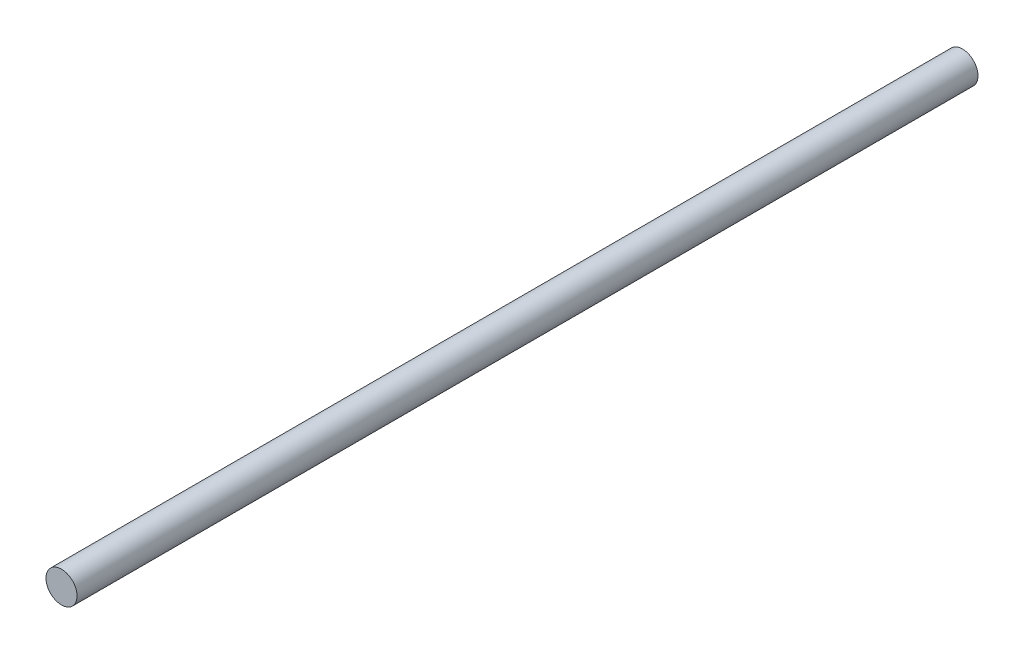
from build123d import *

# Parameters (mm, degrees)
SKETCH1_R           = 12.7
BOSS_EXTRUDE1_DEPTH = 736.6


with BuildPart() as part:
    # Sketch1 → Boss-Extrude1 (new body)
    with BuildSketch(Plane.XY):
        Circle(SKETCH1_R)
    extrude(amount=BOSS_EXTRUDE1_DEPTH)


solid = part.part
───
What to do: Search the material above for the word "part", and return each line that holds it.

Output for this task:
with BuildPart() as part:
solid = part.part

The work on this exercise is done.